Swedish private equity firm EQT has announced plans to acquire Kakaku.com, the company behind the popular Tabelog restaurant review and booking platform, in a deal expected to be valued around ¥590 billion ($3.74 billion).

EQT said it has launched a bid to take the company private with an offer of ¥3,000 per share. Following the news, shares in Kakaku.com — which also operates Japan’s largest product and price comparison website of the same name — rose to ¥3,300 at the market’s opening on Wednesday.

Many restaurants in Japan use Tabelog in place of their own website, using it to manage bookings and show photos, menu details and payment methods. The site is available in Japanese, English and Korean, as well as simplified and traditional Chinese.

In addition to Tabelog, and its namesake website, Kakaku.com operates job search platform Kyujin Box. The parent company was founded in 1997.

Tetsuro Onitsuka, an Asia partner at EQT, said Kakaku.com had built “trusted services that are deeply embedded in everyday life in Japan.” The move, he added, illustrated the Swedish company’s “long-term commitment” to the Asian powerhouse.

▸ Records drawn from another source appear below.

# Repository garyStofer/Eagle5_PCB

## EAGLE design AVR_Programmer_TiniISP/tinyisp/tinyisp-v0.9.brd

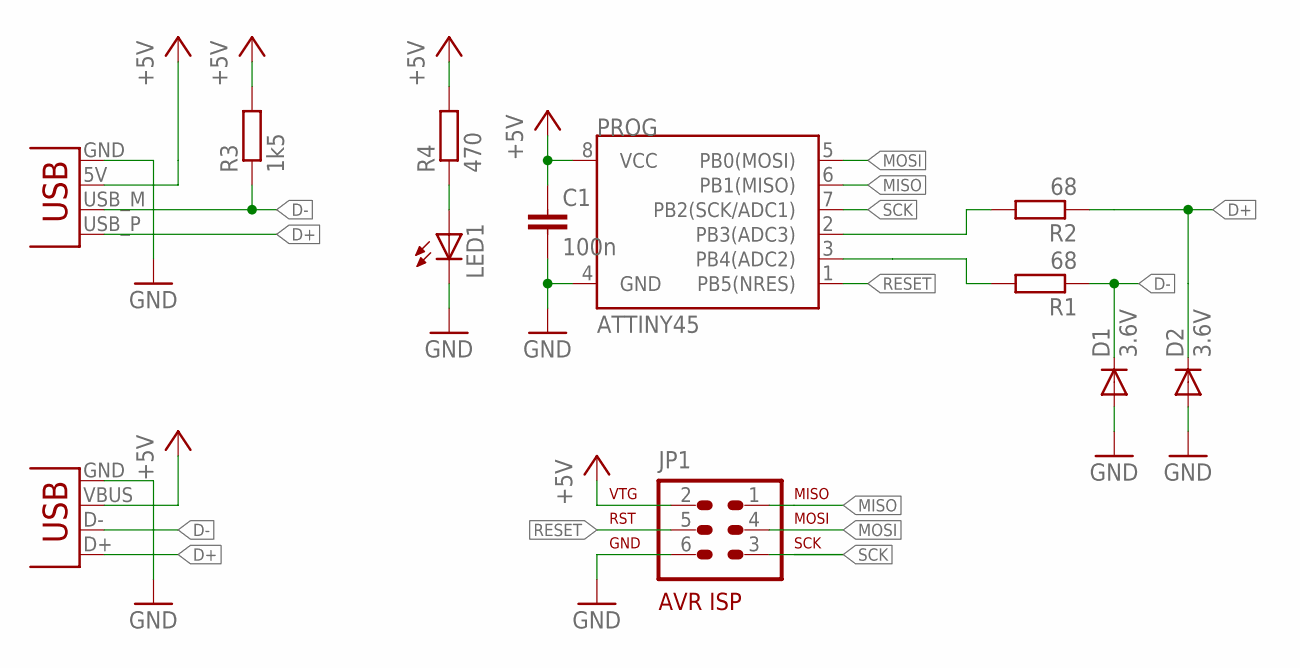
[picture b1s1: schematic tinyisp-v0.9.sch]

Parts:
C1: 100n; C0805
D1, D2: 3.6V; MINIMELF
JP1: AVR-ISP-6
LED1: LEDCHIP-LED0805; CHIP-LED0805
PROG: ATTINY45; SO08-EIAJ
R1, R2: 68; R0805
R3: 1k5; R0805
R4: 470; R0805
X1: USBPCB; USB-A-PCB
X2: USBMINI_B_NOHOLES; USB_MINI_B_NOHOLES

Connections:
+5V: C1.1, JP1.2, PROG.8 (VCC), R3.2, R4.2, X1.5V (VBUS), X2.VBUS
D+: D2.C, R2.1, X1.USB_P (D+), X2.D+
D-: D1.C, R1.1, R3.1, X1.USB_M (D-), X2.D-
GND: C1.2, D1.A, D2.A, JP1.6, LED1.C, PROG.4 (GND), X1.GND, X2.GND
MISO: JP1.1, PROG.6 (PB1(MISO))
MOSI: JP1.4, PROG.5 (PB0(MOSI))
unnamed: LED1.A, R4.1
unnamed: PROG.2 (PB3(ADC3)), R2.2
unnamed: PROG.3 (PB4(ADC2)), R1.2
RESET: JP1.5, PROG.1 (PB5(NRES))
SCK: JP1.3, PROG.7 (PB2(SCK/ADC1))

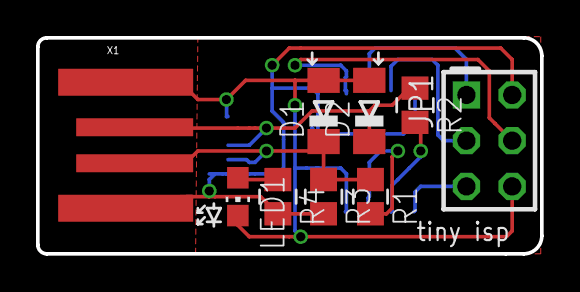
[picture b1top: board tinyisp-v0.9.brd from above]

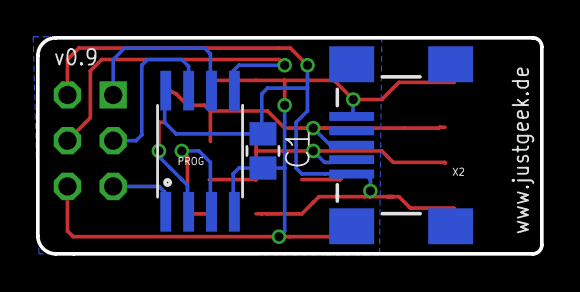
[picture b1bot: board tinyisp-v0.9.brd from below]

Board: 2 copper layers, 28.0 x 12.0 mm, 12 parts (3 on the bottom side), 11 nets.

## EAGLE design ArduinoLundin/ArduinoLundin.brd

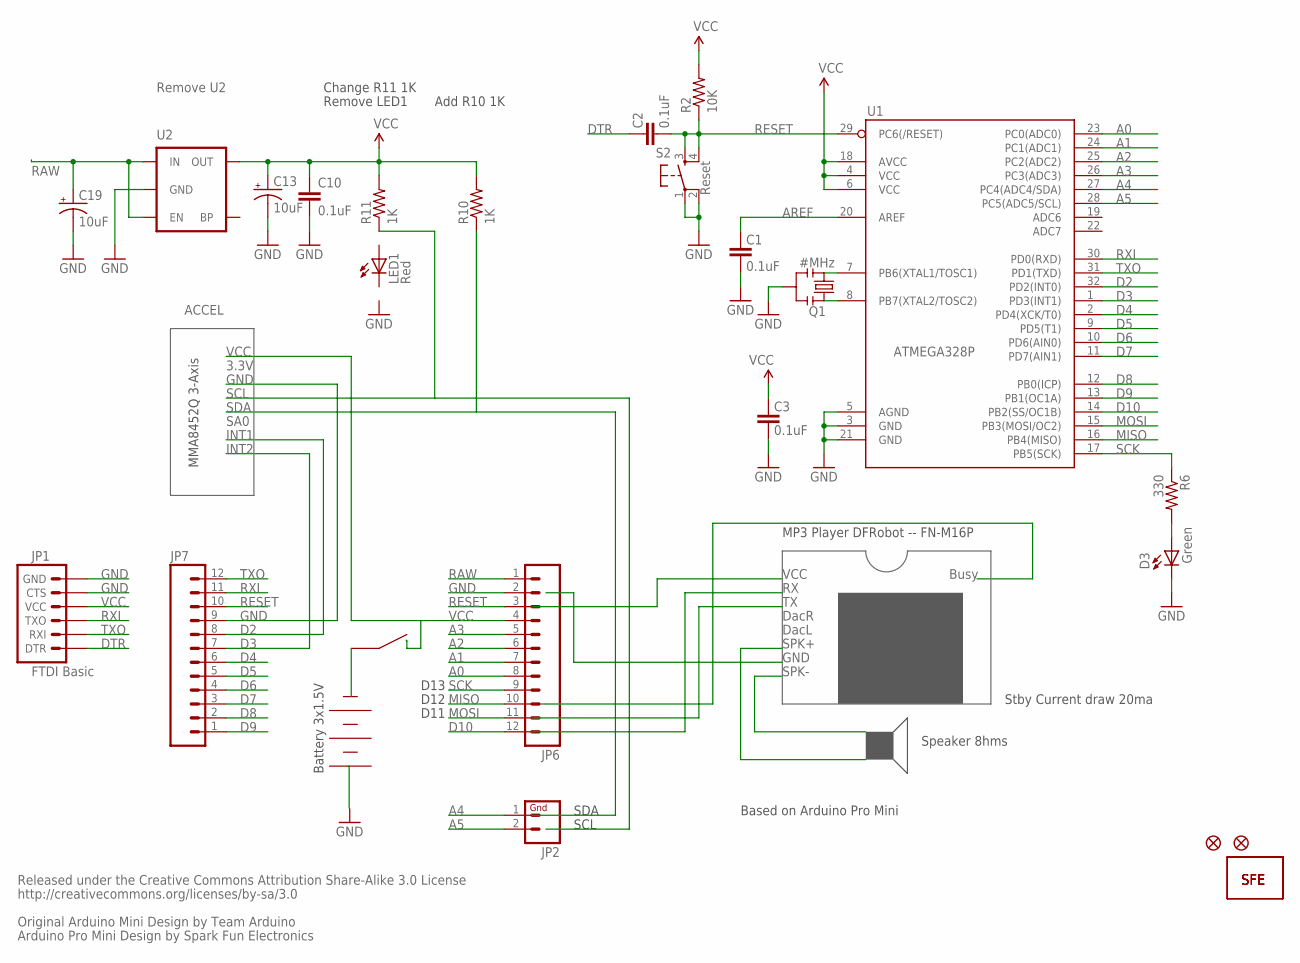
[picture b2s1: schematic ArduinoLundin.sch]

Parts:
C1, C2, C3, C10: 0.1uF; C0402
C13, C19: 10uF; EIA3216
D3: Green; LED-0603
JP1: FTDI Basic; 1X06
JP2: M02PTH; 1X02
JP6, JP7: M12PTH; 1X12
LED1: Red; LED-0603
Q1: #MHz; RESONATOR-SMD
R2: 10K; C0402
R6: 330; C0402
R10, R11: 1K; C0402
S2: Reset; TACTILE_SWITCH_SMD
U1: ATMEGA168#; TQFP32-08
U2: ###V; SOT23-5
U$1: LOGO-SFESK; SFE-LOGO-FLAME
U$2, U$4: FIDUCIAL1X2; FIDUCIAL-1X2
U$11: LOGO-SFENEW; SFE-NEW-WEBLOGO

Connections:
A0: JP6.8, U1.23 (PC0(ADC0))
A1: JP6.7, U1.24 (PC1(ADC1))
A2: JP6.6, U1.25 (PC2(ADC2))
A3: JP6.5, U1.26 (PC3(ADC3))
A4: JP2.1, U1.27 (PC4(ADC4/SDA))
A5: JP2.2, U1.28 (PC5(ADC5/SCL))
AREF: C1.2, U1.20 (AREF)
D2: JP7.8, U1.32 (PD2(INT0))
D3: JP7.7, U1.1 (PD3(INT1))
D4: JP7.6, U1.2 (PD4(XCK/T0))
D5: JP7.5, U1.9 (PD5(T1))
D6: JP7.4, U1.10 (PD6(AIN0))
D7: JP7.3, U1.11 (PD7(AIN1))
D8: JP7.2, U1.12 (PB0(ICP))
D9: JP7.1, U1.13 (PB1(OC1A))
D10: JP6.12, U1.14 (PB2(SS/OC1B))
DTR: C2.2, JP1.1 (DTR)
GND: C1.1, C3.1, C10.2, C13.C (-), C19.C (-), D3.C, JP1.5 (CTS), JP1.6 (GND), JP6.2, JP7.9, Q1.2, S2.1, S2.2, U1.3 (GND), U1.5 (AGND), U1.21 (GND), U2.2 (GND)
MISO: JP6.10, U1.16 (PB4(MISO))
MOSI: JP6.11, U1.15 (PB3(MOSI/OC2))
unnamed: Q1.1, U1.8 (PB7(XTAL2/TOSC2))
unnamed: Q1.3, U1.7 (PB6(XTAL1/TOSC1))
unnamed: D3.A, R6.2
unnamed: C19.A (+), U2.1 (IN), U2.3 (EN)
RAW: JP6.1
RESET: C2.1, JP6.3, JP7.10, R2.1, S2.3, S2.4, U1.29 (PC6(/RESET))
RXI: JP1.3 (TXO), JP7.11, U1.30 (PD0(RXD))
SCK: JP6.9, R6.1, U1.17 (PB5(SCK))
TXO: JP1.2 (RXI), JP7.12, U1.31 (PD1(TXD))
VCC: C3.2, C10.1, C13.A (+), JP1.4 (VCC), JP6.4, R2.2, R10.2, R11.2, U1.4 (VCC), U1.6 (VCC), U1.18 (AVCC), U2.5 (OUT)

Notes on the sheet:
Released under the Creative Commons Attribution Share-Alike 3.0 License
http://creativecommons.org/licenses/by-sa/3.0
Original Arduino Mini Design by Team Arduino
Arduino Pro Mini Design by Spark Fun Electronics
ACCEL
VCC
3.3V
GND
SCL
SDA
SA0
INT1
INT2
DacR
DacL
SPK+
SPK-
Busy
Remove U2
Remove LED1
RAW
Change R11 1K
Add R10 1K
D11
D13
D12
Speaker 8hms
MP3 Player DFRobot -- FN-M16P
MMA8452Q 3-Axis
Battery 3x1.5V
Based on Arduino Pro Mini
Stby Current draw 20ma
ATMEGA328P

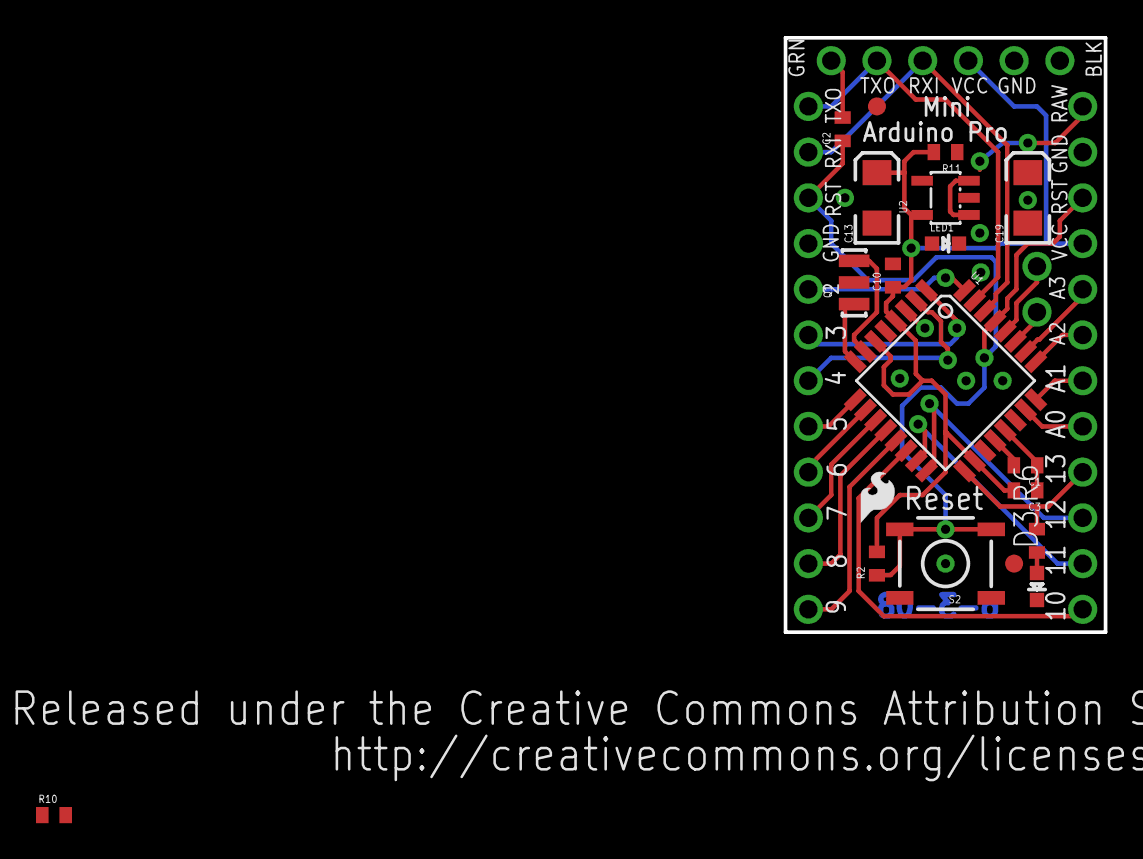
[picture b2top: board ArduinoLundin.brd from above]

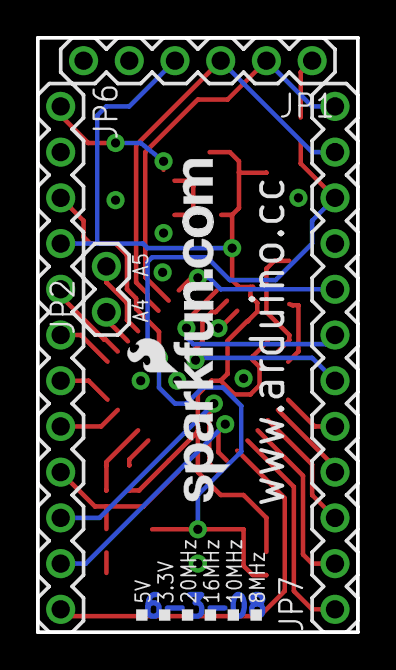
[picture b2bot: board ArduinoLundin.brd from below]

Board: 2 copper layers, 17.8 x 33.0 mm, 24 parts (5 on the bottom side), 29 nets.

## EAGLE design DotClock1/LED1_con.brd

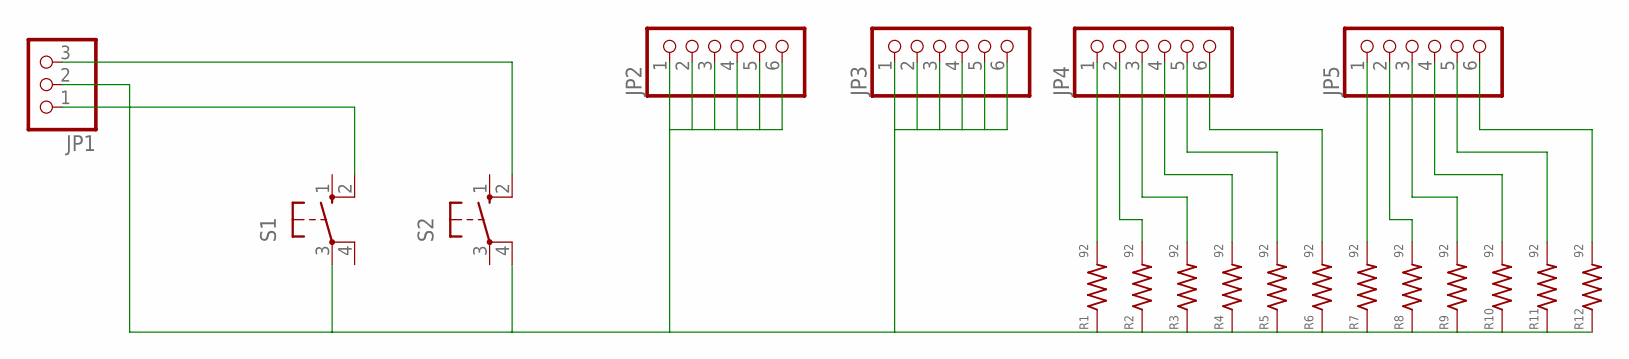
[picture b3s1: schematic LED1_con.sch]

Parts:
JP1: PINHD-1X3; 1X03
JP2, JP3, JP4, JP5: PINHD-1X6; 1X06
R1, R2, R3, R4, R5, R6, R7, R8, R9, R10, R11, R12: 92; R1206
S1, S2: 10-XX; B3F-10XX

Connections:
unnamed: JP1.3, S2.2 (S1)
unnamed: JP1.1, S1.2 (S1)
unnamed: JP1.2, JP2.1, JP2.2, JP2.3, JP2.4, JP2.5, JP2.6, JP3.1, JP3.2, JP3.3, JP3.4, JP3.5, JP3.6, R1.1, R2.1, R3.1, R4.1, R5.1, R6.1, R7.1, R8.1, R9.1, R10.1, R11.1, R12.1, S1.3, S2.4 (P1)
unnamed: JP4.1, R1.2
unnamed: JP4.2, R2.2
unnamed: JP4.3, R3.2
unnamed: JP4.4, R4.2
unnamed: JP4.5, R5.2
unnamed: JP4.6, R6.2
unnamed: JP5.1, R7.2
unnamed: JP5.2, R8.2
unnamed: JP5.3, R9.2
unnamed: JP5.4, R10.2
unnamed: JP5.5, R11.2
unnamed: JP5.6, R12.2

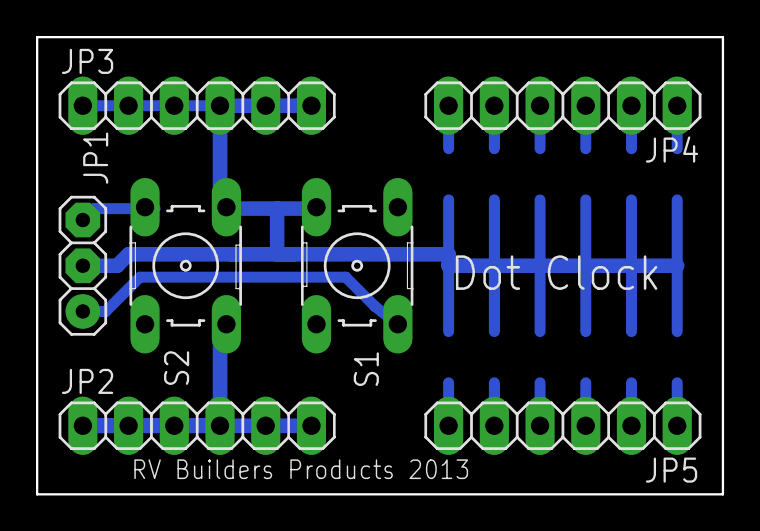
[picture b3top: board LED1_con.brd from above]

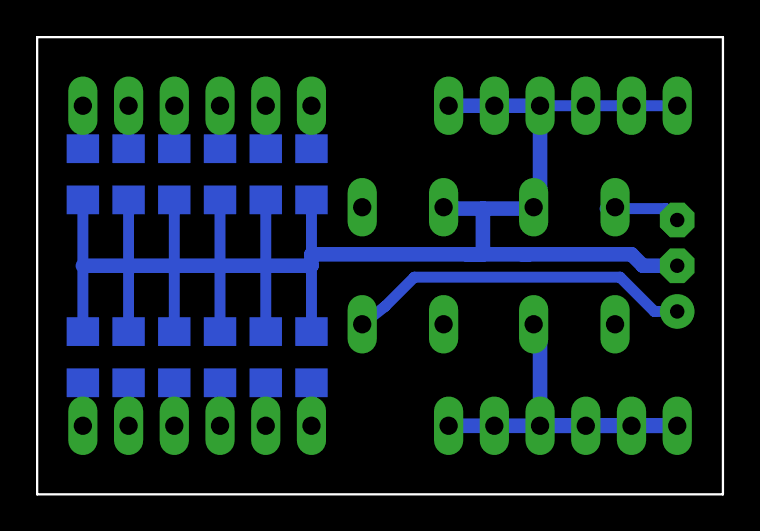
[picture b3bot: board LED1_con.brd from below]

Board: 2 copper layers, 38.1 x 25.4 mm, 19 parts (12 on the bottom side), 15 nets.

EQT has deepened its investments in Japan. Last July, it made a $2.7 billion offer to take elevator and escalator manufacturer Fujitec private. This was followed by a $320 million offer to take digital healthcare platform CareNet private. In January, it made a $371 million offer in pursuit of IT services company Mamezo.

Conni Jonsson, EQT’s founder, said in an interview last year that Japan had “a really good chance at becoming the biggest and most important investment market for us in Asia.”

Fueled by well-received corporate governance reforms, Japanese companies are increasingly of interest to foreign investors, with 2025 being a record year for deals amounting to hundreds of billions of dollars.

Billionaire investor Warren Buffett has spoken glowingly of Japan’s potential and, through his Berkshire Hathaway holding company, bought significant stakes in Japanese trading companies including Sumitomo, Itochu and Mitsubishi.

American firm Elliott Investment Management has also bought stakes in several Japanese companies, including air-conditioning manufacturer Daikin and shipping giant Mitsui O.S.K. Lines.

In March, Elliott reached a deal to take Toyota Industries private, in what is expected to become the largest-ever acquisition of a Japanese company.

But not all foreign bids have panned out.

Canadian firm Alimentation Couche-Tard’s Seven & I Holdings takeover effort failed spectacularly, with it ultimately withdrawing its offer in 2025.